# Pulmonary Fibrosis Regulation by miR-1

> **NIH NIH U54** · JACKSON STATE UNIVERSITY · 2020 · $171,806

## Abstract

Summary/Abstract: 
 Fibrotic diseases are associated with high morbidity and mortality. Pulmonary fibrosis (PF) is a progressive 
disease with no effective treatment except lung transplant. PH is also a risk factor for other health 
complications including lung cancer. A major characteristic of PF is increased deposition of extracellular matrix 
(ECM) that leads to lung tissue stiffening and loss of function.

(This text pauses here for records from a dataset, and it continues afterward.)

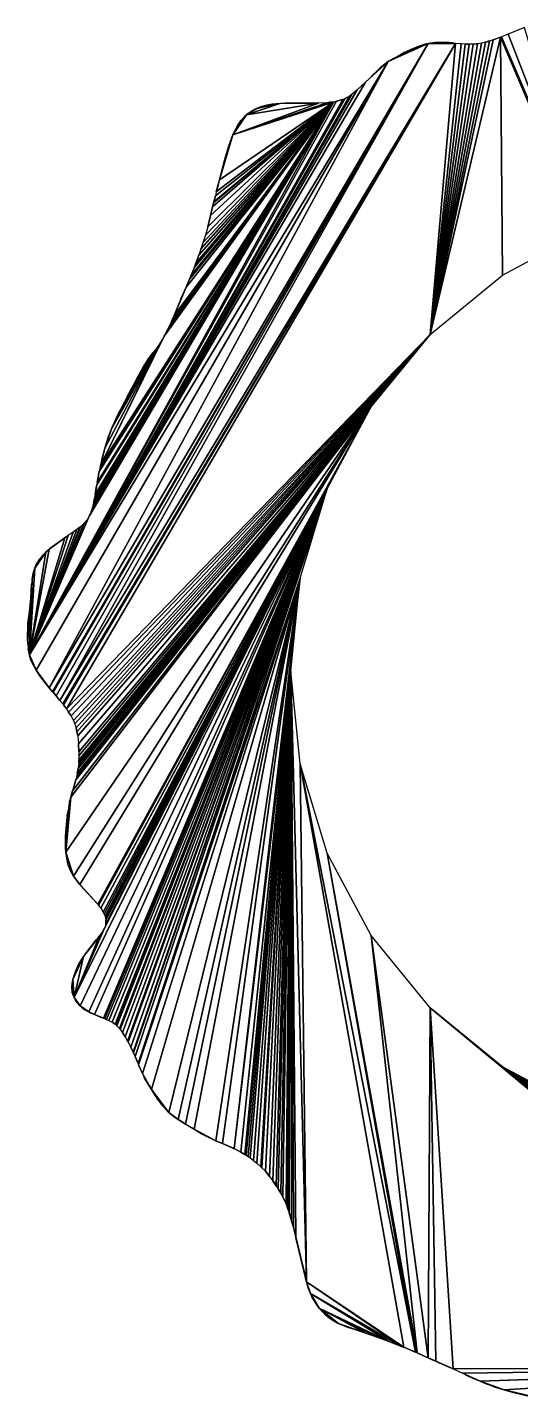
# Model space of a CAD drawing. Extents: x -96 to 95, y -97 to 94.
# Drawn here: x -96.3 to -32.1, y -94.6 to 83.8 of the extents above; entities that cross this region are included whole.
import ezdxf

# ---------------------------------------------------------------- set-up
doc = ezdxf.new("R2010")
doc.units = 0

msp = doc.modelspace()

# ---------------------------------------------------------------- linework, layer by layer
for points in [[(-43.84, 43.84, 88), (-34.45, 51.55, 88), (-34.71, 82.54, 88)], [(-43.84, 43.84, 88), (-34.71, 82.54, 88), (-35.64, 82.2, 88)], [(-43.84, 43.84, 88), (-35.64, 82.2, 88), (-36.15, 82.04, 88)], [(-34.71, 82.54, 88), (-35.5, 82.25, 88), (-35.64, 82.2, 88)], [(-34.58, 82.58, 88), (-34.71, 82.54, 88), (-23.9, 57.19, 88)], [(-34.45, 51.55, 88), (-23.9, 57.19, 88), (-34.71, 82.54, 88)], [(-23.73, 57.28, 88), (-33.71, 82.94, 88), (-34.58, 82.58, 88)], [(-34.58, 82.58, 88), (-23.9, 57.19, 88), (-23.73, 57.28, 88)], [(-31.57, 83.81, 88), (-33.71, 82.94, 88), (-23.73, 57.28, 88)], [(-93.5, -2.17, 88), (-93.04, -2.71, 88), (-44.11, 81.71, 88)], [(-93.5, -2.17, 88), (-44.11, 81.71, 88), (-49.32, 79.37, 88)], [(-93.04, -2.71, 88), (-92.99, -2.77, 88), (-44.11, 81.71, 88)], [(-92.99, -2.77, 88), (-92.57, -3.25, 88), (-44.11, 81.71, 88)], [(-92.57, -3.25, 88), (-92.1, -3.82, 88), (-44.11, 81.71, 88)], [(-92.1, -3.82, 88), (-91.72, -4.28, 88), (-40.54, 81.74, 88)], [(-92.1, -3.82, 88), (-40.54, 81.74, 88), (-44.11, 81.71, 88)], [(-91.72, -4.28, 88), (-91.63, -4.4, 88), (-40.54, 81.74, 88)], [(-91.63, -4.4, 88), (-91.23, -4.94, 88), (-40.54, 81.74, 88)], [(-91.23, -4.94, 88), (-43.84, 43.84, 88), (-40.54, 81.74, 88)], [(-44.11, 81.71, 88), (-47.82, 80.22, 88), (-49.32, 79.37, 88)], [(-44.11, 81.71, 88), (-46.85, 80.7, 88), (-47.82, 80.22, 88)], [(-46.85, 80.7, 88), (-47.69, 80.29, 88), (-47.82, 80.22, 88)], [(-46.85, 80.7, 88), (-47.23, 80.53, 88), (-47.69, 80.29, 88)], [(-44.11, 81.71, 88), (-46.37, 80.93, 88), (-46.85, 80.7, 88)], [(-46.37, 80.93, 88), (-46.71, 80.78, 88), (-46.85, 80.7, 88)], [(-44.11, 81.71, 88), (-45.69, 81.2, 88), (-46.37, 80.93, 88)], [(-45.69, 81.2, 88), (-46.09, 81.05, 88), (-46.37, 80.93, 88)], [(-44.11, 81.71, 88), (-45.54, 81.27, 88), (-45.69, 81.2, 88)], [(-44.11, 81.71, 88), (-45.04, 81.46, 88), (-45.54, 81.27, 88)], [(-44.11, 81.71, 88), (-44.5, 81.62, 88), (-45.04, 81.46, 88)], [(-43.22, 81.83, 88), (-43.98, 81.74, 88), (-44.11, 81.71, 88)], [(-40.54, 81.74, 88), (-43.22, 81.83, 88), (-44.11, 81.71, 88)], [(-43.22, 81.83, 88), (-43.45, 81.82, 88), (-43.98, 81.74, 88)], [(-43.84, 43.84, 88), (-36.15, 82.04, 88), (-36.67, 81.88, 88)], [(-43.84, 43.84, 88), (-36.67, 81.88, 88), (-37.19, 81.76, 88)], [(-43.84, 43.84, 88), (-37.19, 81.76, 88), (-37.71, 81.69, 88)], [(-43.84, 43.84, 88), (-39.8, 81.67, 88), (-40.54, 81.74, 88)], [(-43.84, 43.84, 88), (-37.71, 81.69, 88), (-38.24, 81.64, 88)], [(-43.84, 43.84, 88), (-39.28, 81.64, 88), (-39.8, 81.67, 88)], [(-43.84, 43.84, 88), (-38.24, 81.64, 88), (-38.76, 81.63, 88)], [(-43.84, 43.84, 88), (-38.76, 81.63, 88), (-39.28, 81.64, 88)], [(-42.77, 81.87, 88), (-42.85, 81.87, 88), (-43.22, 81.83, 88)], [(-40.54, 81.74, 88), (-42.77, 81.87, 88), (-43.22, 81.83, 88)], [(-41.81, 81.87, 88), (-41.89, 81.87, 88), (-42.77, 81.87, 88)], [(-40.54, 81.74, 88), (-41.81, 81.87, 88), (-42.77, 81.87, 88)], [(-40.54, 81.74, 88), (-41.37, 81.84, 88), (-41.81, 81.87, 88)], [(-40.54, 81.74, 88), (-40.95, 81.8, 88), (-41.37, 81.84, 88)], [(-38.76, 81.63, 88), (-38.9, 81.64, 88), (-39.28, 81.64, 88)], [(-37.71, 81.69, 88), (-37.85, 81.68, 88), (-38.24, 81.64, 88)], [(-36.15, 82.04, 88), (-36.28, 82.01, 88), (-36.67, 81.88, 88)], [(-96.07, 2.11, 88), (-95.18, 0.13, 88), (-49.32, 79.37, 88)], [(-96.07, 2.11, 88), (-49.32, 79.37, 88), (-52.27, 76.68, 88)], [(-95.18, 0.13, 88), (-93.5, -2.17, 88), (-49.32, 79.37, 88)], [(-49.32, 79.37, 88), (-51.86, 77.07, 88), (-52.27, 76.68, 88)], [(-49.32, 79.37, 88), (-51.72, 77.21, 88), (-51.86, 77.07, 88)], [(-49.32, 79.37, 88), (-50.38, 78.53, 88), (-51.72, 77.21, 88)], [(-50.38, 78.53, 88), (-50.73, 78.22, 88), (-51.72, 77.21, 88)], [(-50.38, 78.53, 88), (-50.65, 78.3, 88), (-50.73, 78.22, 88)], [(-49.32, 79.37, 88), (-49.78, 79.04, 88), (-50.38, 78.53, 88)], [(-49.78, 79.04, 88), (-50.15, 78.73, 88), (-50.38, 78.53, 88)], [(-49.32, 79.37, 88), (-49.72, 79.09, 88), (-49.78, 79.04, 88)], [(-47.82, 80.22, 88), (-49.19, 79.46, 88), (-49.32, 79.37, 88)], [(-47.82, 80.22, 88), (-48.56, 79.83, 88), (-49.19, 79.46, 88)], [(-50.73, 78.22, 88), (-51.29, 77.68, 88), (-51.72, 77.21, 88)], [(-96.07, 2.11, 88), (-52.27, 76.68, 88), (-53.35, 75.68, 88)], [(-96.07, 2.11, 88), (-53.35, 75.68, 88), (-54.03, 75.12, 88)], [(-96.07, 2.11, 88), (-54.03, 75.12, 88), (-54.42, 74.83, 88)], [(-52.27, 76.68, 88), (-52.84, 76.16, 88), (-53.35, 75.68, 88)], [(-52.84, 76.16, 88), (-52.94, 76.07, 88), (-53.35, 75.68, 88)], [(-52.27, 76.68, 88), (-52.79, 76.21, 88), (-52.84, 76.16, 88)], [(-96.07, 2.11, 88), (-54.42, 74.83, 88), (-54.92, 74.54, 88)], [(-96.07, 2.11, 88), (-54.92, 74.54, 88), (-55.02, 74.5, 88)], [(-96.07, 2.11, 88), (-55.02, 74.5, 88), (-55.25, 74.42, 88)], [(-96.07, 2.11, 88), (-55.25, 74.42, 88), (-56.05, 74.19, 88)], [(-96.07, 2.11, 88), (-56.05, 74.19, 88), (-56.44, 74.1, 88)], [(-88.22, 20.25, 88), (-96.07, 2.11, 88), (-56.44, 74.1, 88)], [(-88.19, 20.31, 88), (-88.22, 20.25, 88), (-56.44, 74.1, 88)], [(-88.01, 20.77, 88), (-88.19, 20.31, 88), (-56.44, 74.1, 88)], [(-87.85, 21.29, 88), (-88.01, 20.77, 88), (-56.44, 74.1, 88)], [(-87.77, 21.62, 88), (-87.85, 21.29, 88), (-56.44, 74.1, 88)], [(-87.73, 21.82, 88), (-87.77, 21.62, 88), (-56.44, 74.1, 88)], [(-87.61, 22.34, 88), (-87.73, 21.82, 88), (-56.44, 74.1, 88)], [(-87.53, 22.73, 88), (-87.61, 22.34, 88), (-56.44, 74.1, 88)], [(-87.49, 22.99, 88), (-87.53, 22.73, 88), (-56.44, 74.1, 88)], [(-87.28, 24.26, 88), (-87.49, 22.99, 88), (-56.44, 74.1, 88)], [(-87.23, 24.55, 88), (-87.28, 24.26, 88), (-56.44, 74.1, 88)], [(-86.97, 25.99, 88), (-87.23, 24.55, 88), (-56.44, 74.1, 88)], [(-86.91, 26.24, 88), (-86.97, 25.99, 88), (-56.44, 74.1, 88)], [(-86.77, 26.87, 88), (-86.91, 26.24, 88), (-56.44, 74.1, 88)], [(-86.77, 26.87, 88), (-56.44, 74.1, 88), (-78.5, 43.61, 88)], [(-56.44, 74.1, 88), (-78.15, 44.26, 88), (-78.5, 43.61, 88)], [(-56.44, 74.1, 88), (-77.89, 44.79, 88), (-78.15, 44.26, 88)], [(-56.44, 74.1, 88), (-77.57, 45.53, 88), (-77.89, 44.79, 88)], [(-56.44, 74.1, 88), (-77.23, 46.31, 88), (-77.57, 45.53, 88)], [(-56.44, 74.1, 88), (-75.65, 49.97, 88), (-77.23, 46.31, 88)], [(-56.44, 74.1, 88), (-75.2, 51.04, 88), (-75.65, 49.97, 88)], [(-56.44, 74.1, 88), (-74.98, 51.56, 88), (-75.2, 51.04, 88)], [(-56.44, 74.1, 88), (-74.56, 52.61, 88), (-74.98, 51.56, 88)], [(-56.44, 74.1, 88), (-74.37, 53.13, 88), (-74.56, 52.61, 88)], [(-56.44, 74.1, 88), (-73.99, 54.17, 88), (-74.37, 53.13, 88)], [(-56.44, 74.1, 88), (-73.73, 54.93, 88), (-73.99, 54.17, 88)], [(-56.44, 74.1, 88), (-73.69, 55.06, 88), (-73.73, 54.93, 88)], [(-56.44, 74.1, 88), (-73.46, 55.74, 88), (-73.69, 55.06, 88)], [(-56.44, 74.1, 88), (-73.14, 56.78, 88), (-73.46, 55.74, 88)], [(-56.44, 74.1, 88), (-72.84, 57.83, 88), (-73.14, 56.78, 88)], [(-56.44, 74.1, 88), (-72.46, 59.33, 88), (-72.84, 57.83, 88)], [(-56.44, 74.1, 88), (-72.22, 60.44, 88), (-72.46, 59.33, 88)], [(-56.44, 74.1, 88), (-72.07, 60.96, 88), (-72.22, 60.44, 88)], [(-56.44, 74.1, 88), (-72.04, 61.09, 88), (-72.07, 60.96, 88)], [(-56.44, 74.1, 88), (-71.84, 61.87, 88), (-72.04, 61.09, 88)], [(-56.44, 74.1, 88), (-71.72, 62.4, 88), (-71.84, 61.87, 88)], [(-56.44, 74.1, 88), (-71.29, 63.96, 88), (-71.72, 62.4, 88)], [(-56.44, 74.1, 88), (-69.58, 69.81, 88), (-71.29, 63.96, 88)], [(-56.44, 74.1, 88), (-57.32, 74, 88), (-69.58, 69.81, 88)], [(-57.32, 74, 88), (-58.42, 73.93, 88), (-69.58, 69.81, 88)], [(-58.42, 73.93, 88), (-67.77, 72.44, 88), (-69.58, 69.81, 88)], [(-58.42, 73.93, 88), (-63.43, 73.9, 88), (-67.77, 72.44, 88)], [(-63.43, 73.9, 88), (-66.42, 73.27, 88), (-67.77, 72.44, 88)], [(-66.42, 73.27, 88), (-67.46, 72.68, 88), (-67.77, 72.44, 88)], [(-66.42, 73.27, 88), (-66.93, 73.01, 88), (-67.46, 72.68, 88)], [(-66.42, 73.27, 88), (-66.48, 73.24, 88), (-66.93, 73.01, 88)], [(-63.43, 73.9, 88), (-65.37, 73.62, 88), (-66.42, 73.27, 88)], [(-65.37, 73.62, 88), (-65.9, 73.47, 88), (-66.42, 73.27, 88)], [(-65.9, 73.47, 88), (-65.96, 73.45, 88), (-66.42, 73.27, 88)], [(-65.37, 73.62, 88), (-65.5, 73.58, 88), (-65.9, 73.47, 88)], [(-63.43, 73.9, 88), (-64.43, 73.8, 88), (-65.37, 73.62, 88)], [(-64.43, 73.8, 88), (-65.18, 73.67, 88), (-65.37, 73.62, 88)], [(-63.43, 73.9, 88), (-63.83, 73.88, 88), (-64.43, 73.8, 88)], [(-61.72, 73.97, 88), (-62.76, 73.96, 88), (-63.43, 73.9, 88)], [(-59.57, 73.93, 88), (-61.72, 73.97, 88), (-63.43, 73.9, 88)], [(-62.76, 73.96, 88), (-63.29, 73.92, 88), (-63.43, 73.9, 88)], [(-58.42, 73.93, 88), (-59.57, 73.93, 88), (-63.43, 73.9, 88)], [(-61.72, 73.97, 88), (-62.76, 73.96, 88), (-62.76, 73.96, 88)], [(-59.57, 73.93, 88), (-60.14, 73.95, 88), (-61.72, 73.97, 88)], [(-58.42, 73.93, 88), (-59.18, 73.94, 88), (-59.57, 73.93, 88)], [(-56.44, 74.1, 88), (-56.92, 74.06, 88), (-57.32, 74, 88)], [(-56.05, 74.19, 88), (-56.2, 74.16, 88), (-56.44, 74.1, 88)], [(-55.25, 74.42, 88), (-55.88, 74.26, 88), (-56.05, 74.19, 88)], [(-54.42, 74.83, 88), (-54.81, 74.61, 88), (-54.92, 74.54, 88)], [(-67.77, 72.44, 88), (-68.94, 71, 88), (-69.58, 69.81, 88)], [(-67.77, 72.44, 88), (-68.51, 71.67, 88), (-68.94, 71, 88)], [(-68.51, 71.67, 88), (-68.76, 71.29, 88), (-68.94, 71, 88)], [(-67.77, 72.44, 88), (-68.25, 71.97, 88), (-68.51, 71.67, 88)], [(-67.77, 72.44, 88), (-68, 72.24, 88), (-68.25, 71.97, 88)], [(-67.46, 72.68, 88), (-67.74, 72.47, 88), (-67.77, 72.44, 88)], [(-67.46, 72.68, 88), (-67.59, 72.59, 88), (-67.74, 72.47, 88)], [(-66.93, 73.01, 88), (-67.05, 72.95, 88), (-67.46, 72.68, 88)], [(-69.58, 69.81, 88), (-70.85, 65.65, 88), (-71.29, 63.96, 88)], [(-69.58, 69.81, 88), (-70.4, 67.39, 88), (-70.85, 65.65, 88)], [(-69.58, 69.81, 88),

PF is a heterogeneous disease characterized by 
aberrant signaling pathways of oxidative stress (OS), TGFβ, and NF-κB. We have previously reported 
increased ROS and activation of MAPK, NF-κB, and TGFβ in alveolar epithelial cells following treatment with 
known lung fibrotic toxicants silica and multi-walled carbon nanoparticles (MWCNT). Our previous studies also 
showed increased expression of Col3A1 and TGFβ in alveolar epithelial cells in response to MWCNT. While 
PF is multifactorial, studies have linked reactive oxygen species (ROS) and aberrant microRNAs (miRs) in lung 
fibrosis development. How exactly ROS regulate miRs that drive lung fibrosis development remains largely 
unknown and is the focus of the present application. In our study of human alveolar epithelial (A549) cells 
exposed to MWCNT, we found that: (1) miR-1 is downregulated; (2) TSP-1 is up-regulated; and (3) exogenous 
mimic miR-1 suppresses TSP-1, a major activator of TGFβ. These findings suggest that miR-1 and TSP-1 are 
regulated by MWCNT and targeting miR-1 and TSP-1 might inhibit TGFβ-mediated fibrotic response. The 
central hypothesis of the current project is that ROS suppress miR-1 which promotes increased TSP-1 and 
active TGFβ fibrotic signaling. Specific aims are: (1) determine the mechansims by which miR-1 is regulated; 
(2) determine the mechanistic link between miR-1 and fibrotic signaling via TSP-1/TGFβ (or other pathways 
emerging from mRNASeq data); and (3) determine the function of miR-1 in lung fibrosis in vivo by analyzing 
whether a model of bleomycin- and MWCNT-lung fibrosis in mice and exogenous miR-1 treated mice are less 
prone to lung fibrosis than control miR-1 untreated mice. The proposed study will elucidate cellular and 
molecular mechanism involved in lung fibrosis by targeting TSP-1 via miR-1. This hypothesis, if proven, will 
establish a potential microRNA therapy in pulmonary fibrosis.

## Key facts

- **NIH application ID:** 10145507
- **Project number:** 1U54MD015929-01
- **Recipient organization:** JACKSON STATE UNIVERSITY
- **Principal Investigator:** Maricica Pacurari
- **Activity code:** U54 (R01, R21, SBIR, etc.)
- **Funding institute:** NIH
- **Fiscal year:** 2020
- **Award amount:** $171,806
- **Award type:** 1
- **Project period:** 2020-09-08 → 2025-05-31

## Primary source

NIH RePORTER: https://reporter.nih.gov/project-details/10145507

## Citation

> US National Institutes of Health, RePORTER application 10145507, Pulmonary Fibrosis Regulation by miR-1 (1U54MD015929-01). Retrieved via AI Analytics 2026-05-24 from https://api.ai-analytics.org/grant/nih/10145507. Licensed CC0.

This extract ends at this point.